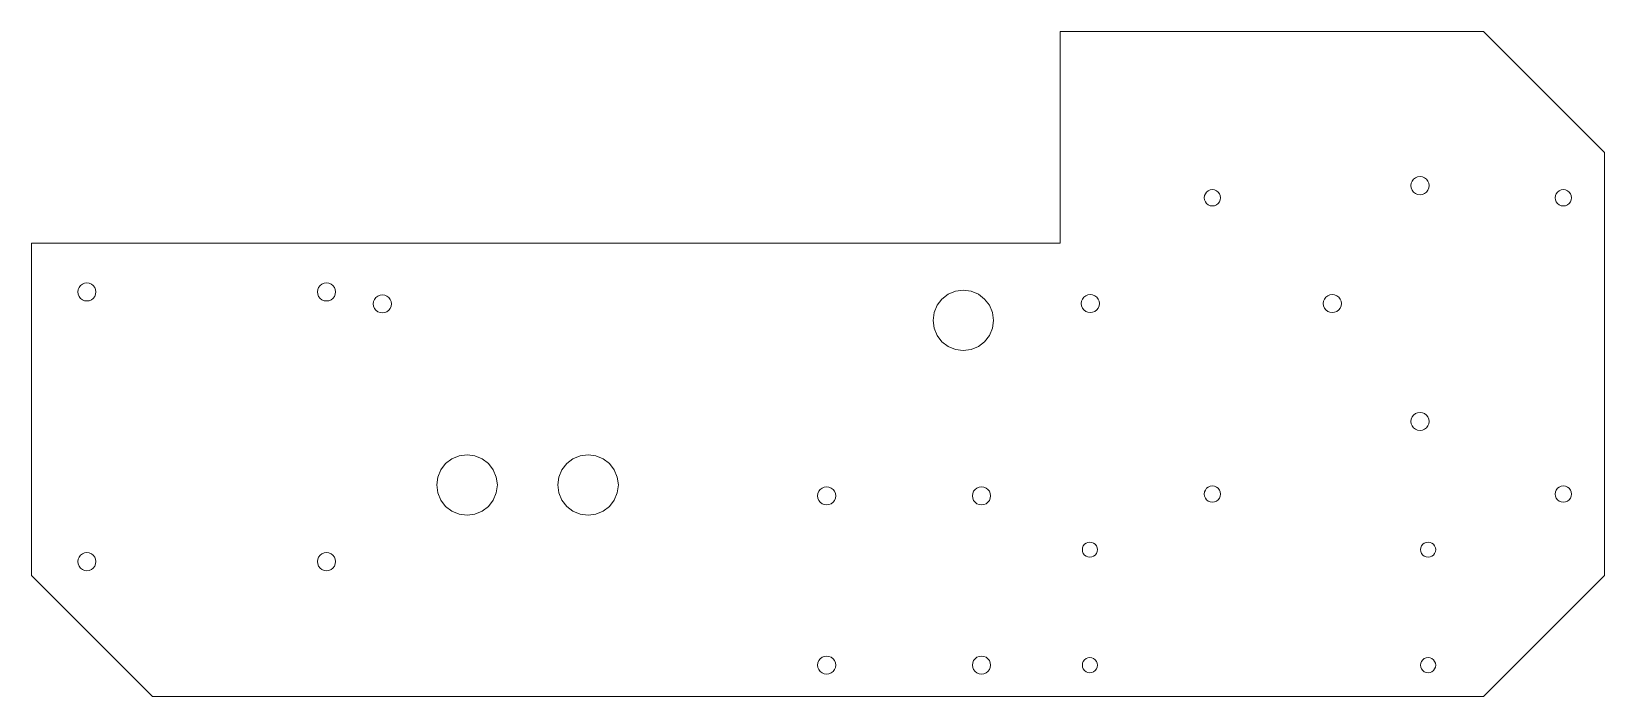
# Model space of a CAD drawing. Header units: millimetres. Extents: x -20 to 240, y 0 to 110.
import ezdxf

# ---------------------------------------------------------------- set-up
doc = ezdxf.new("R2010")
doc.units = ezdxf.units.MM

msp = doc.modelspace()

# ---------------------------------------------------------------- linework, layer by layer
at = {"color": 1, "lineweight": 0}
for points in [[(150, 75), (-20, 75), (-20, 20), (0, 0), (220, 0), (240, 20), (240, 90), (220, 110), (150, 110)], [(208.75, 85.8), (209.11, 85.95), (209.5, 86), (209.89, 85.95), (210.25, 85.8), (210.56, 85.56), (210.8, 85.25), (210.95, 84.89), (211, 84.5), (210.95, 84.11), (210.8, 83.75), (210.56, 83.44), (210.25, 83.2), (209.89, 83.05), (209.5, 83), (209.11, 83.05), (208.75, 83.2), (208.44, 83.44), (208.2, 83.75), (208.05, 84.11), (208, 84.5), (208.05, 84.89), (208.2, 85.25), (208.44, 85.56)], [(175.54, 83.79), (175.86, 83.65), (176.14, 83.44), (176.36, 83.16), (176.49, 82.84), (176.54, 82.49), (176.49, 82.14), (176.36, 81.81), (176.14, 81.53), (175.86, 81.32), (175.54, 81.18), (175.19, 81.14), (174.84, 81.18), (174.51, 81.32), (174.23, 81.53), (174.02, 81.81), (173.89, 82.14), (173.84, 82.49), (173.89, 82.84), (174.02, 83.16), (174.23, 83.44), (174.51, 83.65), (174.84, 83.79), (175.19, 83.84)], [(234.36, 83.16), (234.49, 82.84), (234.54, 82.49), (234.49, 82.14), (234.36, 81.81), (234.14, 81.53), (233.86, 81.32), (233.54, 81.18), (233.19, 81.14), (232.84, 81.18), (232.51, 81.32), (232.23, 81.53), (232.02, 81.81), (231.89, 82.14), (231.84, 82.49), (231.89, 82.84), (232.02, 83.16), (232.23, 83.44), (232.51, 83.65), (232.84, 83.79), (233.19, 83.84), (233.54, 83.79), (233.86, 83.65), (234.14, 83.44)], [(-10.84, 68.42), (-10.45, 68.37), (-10.09, 68.22), (-9.78, 67.98), (-9.54, 67.67), (-9.39, 67.31), (-9.34, 66.92), (-9.39, 66.53), (-9.54, 66.17), (-9.78, 65.86), (-10.09, 65.62), (-10.45, 65.47), (-10.84, 65.42), (-11.23, 65.47), (-11.59, 65.62), (-11.9, 65.86), (-12.14, 66.17), (-12.29, 66.53), (-12.34, 66.92), (-12.29, 67.31), (-12.14, 67.67), (-11.9, 67.98), (-11.59, 68.22), (-11.23, 68.37)], [(28.76, 68.42), (29.15, 68.37), (29.51, 68.22), (29.82, 67.98), (30.06, 67.67), (30.21, 67.31), (30.26, 66.92), (30.21, 66.53), (30.06, 66.17), (29.82, 65.86), (29.51, 65.62), (29.15, 65.47), (28.76, 65.42), (28.37, 65.47), (28.01, 65.62), (27.7, 65.86), (27.46, 66.17), (27.31, 66.53), (27.26, 66.92), (27.31, 67.31), (27.46, 67.67), (27.7, 67.98), (28.01, 68.22), (28.37, 68.37)], [(38.39, 63.49), (38, 63.44), (37.61, 63.49), (37.25, 63.64), (36.94, 63.88), (36.7, 64.19), (36.55, 64.55), (36.5, 64.94), (36.55, 65.33), (36.7, 65.69), (36.94, 66), (37.25, 66.24), (37.61, 66.39), (38, 66.44), (38.39, 66.39), (38.75, 66.24), (39.06, 66), (39.3, 65.69), (39.45, 65.33), (39.5, 64.94), (39.45, 64.55), (39.3, 64.19), (39.06, 63.88), (38.75, 63.64)], [(129.18, 60.91), (129.01, 62.21), (129.18, 63.5), (129.68, 64.71), (130.47, 65.74), (131.51, 66.54), (132.71, 67.04), (134.01, 67.21), (135.3, 67.04), (136.51, 66.54), (137.54, 65.74), (138.34, 64.71), (138.84, 63.5), (139.01, 62.21), (138.84, 60.91), (138.34, 59.71), (137.54, 58.67), (136.51, 57.88), (135.3, 57.38), (134.01, 57.21), (132.71, 57.38), (131.51, 57.88), (130.47, 58.67), (129.68, 59.71)], [(155, 66.5), (155.39, 66.45), (155.75, 66.3), (156.06, 66.06), (156.3, 65.75), (156.45, 65.39), (156.5, 65), (156.45, 64.61), (156.3, 64.25), (156.06, 63.94), (155.75, 63.7), (155.39, 63.55), (155, 63.5), (154.61, 63.55), (154.25, 63.7), (153.94, 63.94), (153.7, 64.25), (153.55, 64.61), (153.5, 65), (153.55, 65.39), (153.7, 65.75), (153.94, 66.06), (154.25, 66.3), (154.61, 66.45)], [(196.45, 64.61), (196.3, 64.25), (196.06, 63.94), (195.75, 63.7), (195.39, 63.55), (195, 63.5), (194.61, 63.55), (194.25, 63.7), (193.94, 63.94), (193.7, 64.25), (193.55, 64.61), (193.5, 65), (193.55, 65.39), (193.7, 65.75), (193.94, 66.06), (194.25, 66.3), (194.61, 66.45), (195, 66.5), (195.39, 66.45), (195.75, 66.3), (196.06, 66.06), (196.3, 65.75), (196.45, 65.39), (196.5, 65)], [(209.89, 46.95), (210.25, 46.8), (210.56, 46.56), (210.8, 46.25), (210.95, 45.89), (211, 45.5), (210.95, 45.11), (210.8, 44.75), (210.56, 44.44), (210.25, 44.2), (209.89, 44.05), (209.5, 44), (209.11, 44.05), (208.75, 44.2), (208.44, 44.44), (208.2, 44.75), (208.05, 45.11), (208, 45.5), (208.05, 45.89), (208.2, 46.25), (208.44, 46.56), (208.75, 46.8), (209.11, 46.95), (209.5, 47)], [(52, 40), (53.29, 39.83), (54.5, 39.33), (55.54, 38.54), (56.33, 37.5), (56.83, 36.29), (57, 35), (56.83, 33.71), (56.33, 32.5), (55.54, 31.46), (54.5, 30.67), (53.29, 30.17), (52, 30), (50.71, 30.17), (49.5, 30.67), (48.46, 31.46), (47.67, 32.5), (47.17, 33.71), (47, 35), (47.17, 36.29), (47.67, 37.5), (48.46, 38.54), (49.5, 39.33), (50.71, 39.83)], [(73.29, 39.83), (74.5, 39.33), (75.54, 38.54), (76.33, 37.5), (76.83, 36.29), (77, 35), (76.83, 33.71), (76.33, 32.5), (75.54, 31.46), (74.5, 30.67), (73.29, 30.17), (72, 30), (70.71, 30.17), (69.5, 30.67), (68.46, 31.46), (67.67, 32.5), (67.17, 33.71), (67, 35), (67.17, 36.29), (67.67, 37.5), (68.46, 38.54), (69.5, 39.33), (70.71, 39.83), (72, 40)], [(111.42, 34.7), (111.81, 34.64), (112.17, 34.49), (112.48, 34.26), (112.72, 33.95), (112.87, 33.58), (112.92, 33.2), (112.87, 32.81), (112.72, 32.45), (112.48, 32.13), (112.17, 31.9), (111.81, 31.75), (111.42, 31.7), (111.03, 31.75), (110.67, 31.9), (110.36, 32.13), (110.12, 32.45), (109.97, 32.81), (109.92, 33.2), (109.97, 33.58), (110.12, 33.95), (110.36, 34.26), (110.67, 34.49), (111.03, 34.64)], [(137.02, 34.7), (137.41, 34.64), (137.77, 34.49), (138.08, 34.26), (138.32, 33.95), (138.47, 33.58), (138.52, 33.2), (138.47, 32.81), (138.32, 32.45), (138.08, 32.13), (137.77, 31.9), (137.41, 31.75), (137.02, 31.7), (136.63, 31.75), (136.27, 31.9), (135.96, 32.13), (135.72, 32.45), (135.57, 32.81), (135.52, 33.2), (135.57, 33.58), (135.72, 33.95), (135.96, 34.26), (136.27, 34.49), (136.63, 34.64)], [(175.19, 34.84), (175.54, 34.79), (175.86, 34.65), (176.14, 34.44), (176.36, 34.16), (176.49, 33.84), (176.54, 33.49), (176.49, 33.14), (176.36, 32.81), (176.14, 32.53), (175.86, 32.32), (175.54, 32.18), (175.19, 32.14), (174.84, 32.18), (174.51, 32.32), (174.23, 32.53), (174.02, 32.81), (173.89, 33.14), (173.84, 33.49), (173.89, 33.84), (174.02, 34.16), (174.23, 34.44), (174.51, 34.65), (174.84, 34.79)], [(233.54, 34.79), (233.86, 34.65), (234.14, 34.44), (234.36, 34.16), (234.49, 33.84), (234.54, 33.49), (234.49, 33.14), (234.36, 32.81), (234.14, 32.53), (233.86, 32.32), (233.54, 32.18), (233.19, 32.14), (232.84, 32.18), (232.51, 32.32), (232.23, 32.53), (232.02, 32.81), (231.89, 33.14), (231.84, 33.49), (231.89, 33.84), (232.02, 34.16), (232.23, 34.44), (232.51, 34.65), (232.84, 34.79), (233.19, 34.84)], [(-10.45, 23.77), (-10.09, 23.62), (-9.78, 23.38), (-9.54, 23.07), (-9.39, 22.71), (-9.34, 22.32), (-9.39, 21.93), (-9.54, 21.57), (-9.78, 21.26), (-10.09, 21.02), (-10.45, 20.87), (-10.84, 20.82), (-11.23, 20.87), (-11.59, 21.02), (-11.9, 21.26), (-12.14, 21.57), (-12.29, 21.93), (-12.34, 22.32), (-12.29, 22.71), (-12.14, 23.07), (-11.9, 23.38), (-11.59, 23.62), (-11.23, 23.77), (-10.84, 23.82)], [(30.21, 22.71), (30.26, 22.32), (30.21, 21.93), (30.06, 21.57), (29.82, 21.26), (29.51, 21.02), (29.15, 20.87), (28.76, 20.82), (28.37, 20.87), (28.01, 21.02), (27.7, 21.26), (27.46, 21.57), (27.31, 21.93), (27.26, 22.32), (27.31, 22.71), (27.46, 23.07), (27.7, 23.38), (28.01, 23.62), (28.37, 23.77), (28.76, 23.82), (29.15, 23.77), (29.51, 23.62), (29.82, 23.38), (30.06, 23.07)], [(156.02, 24.92), (156.14, 24.62), (156.19, 24.3), (156.14, 23.97), (156.02, 23.67), (155.82, 23.41), (155.56, 23.21), (155.26, 23.09), (154.94, 23.05), (154.61, 23.09), (154.31, 23.21), (154.05, 23.41), (153.85, 23.67), (153.73, 23.97), (153.69, 24.3), (153.73, 24.62), (153.85, 24.92), (154.05, 25.18), (154.31, 25.38), (154.61, 25.5), (154.94, 25.55), (155.26, 25.5), (155.56, 25.38), (155.82, 25.18)], [(212.04, 24.62), (212.09, 24.3), (212.04, 23.97), (211.92, 23.67), (211.72, 23.41), (211.46, 23.21), (211.16, 23.09), (210.84, 23.05), (210.51, 23.09), (210.21, 23.21), (209.95, 23.41), (209.75, 23.67), (209.63, 23.97), (209.59, 24.3), (209.63, 24.62), (209.75, 24.92), (209.95, 25.18), (210.21, 25.38), (210.51, 25.5), (210.84, 25.55), (211.16, 25.5), (211.46, 25.38), (211.72, 25.18), (211.92, 24.92)], [(111.42, 6.7), (111.81, 6.64), (112.17, 6.49), (112.48, 6.26), (112.72, 5.95), (112.87, 5.58), (112.92, 5.2), (112.87, 4.81), (112.72, 4.45), (112.48, 4.13), (112.17, 3.9), (111.81, 3.75), (111.42, 3.7), (111.03, 3.75), (110.67, 3.9), (110.36, 4.13), (110.12, 4.45), (109.97, 4.81), (109.92, 5.2), (109.97, 5.58), (110.12, 5.95), (110.36, 6.26), (110.67, 6.49), (111.03, 6.64)], [(138.47, 5.58), (138.52, 5.2), (138.47, 4.81), (138.32, 4.45), (138.08, 4.13), (137.77, 3.9), (137.41, 3.75), (137.02, 3.7), (136.63, 3.75), (136.27, 3.9), (135.96, 4.13), (135.72, 4.45), (135.57, 4.81), (135.52, 5.2), (135.57, 5.58), (135.72, 5.95), (135.96, 6.26), (136.27, 6.49), (136.63, 6.64), (137.02, 6.7), (137.41, 6.64), (137.77, 6.49), (138.08, 6.26), (138.32, 5.95)], [(154.61, 6.4), (154.94, 6.45), (155.26, 6.4), (155.56, 6.28), (155.82, 6.08), (156.02, 5.82), (156.14, 5.52), (156.19, 5.2), (156.14, 4.87), (156.02, 4.57), (155.82, 4.31), (155.56, 4.11), (155.26, 3.99), (154.94, 3.95), (154.61, 3.99), (154.31, 4.11), (154.05, 4.31), (153.85, 4.57), (153.73, 4.87), (153.69, 5.2), (153.73, 5.52), (153.85, 5.82), (154.05, 6.08), (154.31, 6.28)], [(211.92, 5.82), (212.04, 5.52), (212.09, 5.2), (212.04, 4.87), (211.92, 4.57), (211.72, 4.31), (211.46, 4.11), (211.16, 3.99), (210.84, 3.95), (210.51, 3.99), (210.21, 4.11), (209.95, 4.31), (209.75, 4.57), (209.63, 4.87), (209.59, 5.2), (209.63, 5.52), (209.75, 5.82), (209.95, 6.08), (210.21, 6.28), (210.51, 6.4), (210.84, 6.45), (211.16, 6.4), (211.46, 6.28), (211.72, 6.08)]]:
    msp.add_lwpolyline(points, close=True, dxfattribs=at)

doc.saveas('drawing.dxf')

# # # #

## EXERCISE DETAILS
Could you reproduce exactly, and only, the lines from the start of the records through the line containing "msp = doc.modelspace()", leaving out the pictures?

## EXPECTED OUTPUT
# Model space of a CAD drawing. Header units: millimetres. Extents: x -20 to 240, y 0 to 110.
import ezdxf

# ---------------------------------------------------------------- set-up
doc = ezdxf.new("R2010")
doc.units = ezdxf.units.MM

msp = doc.modelspace()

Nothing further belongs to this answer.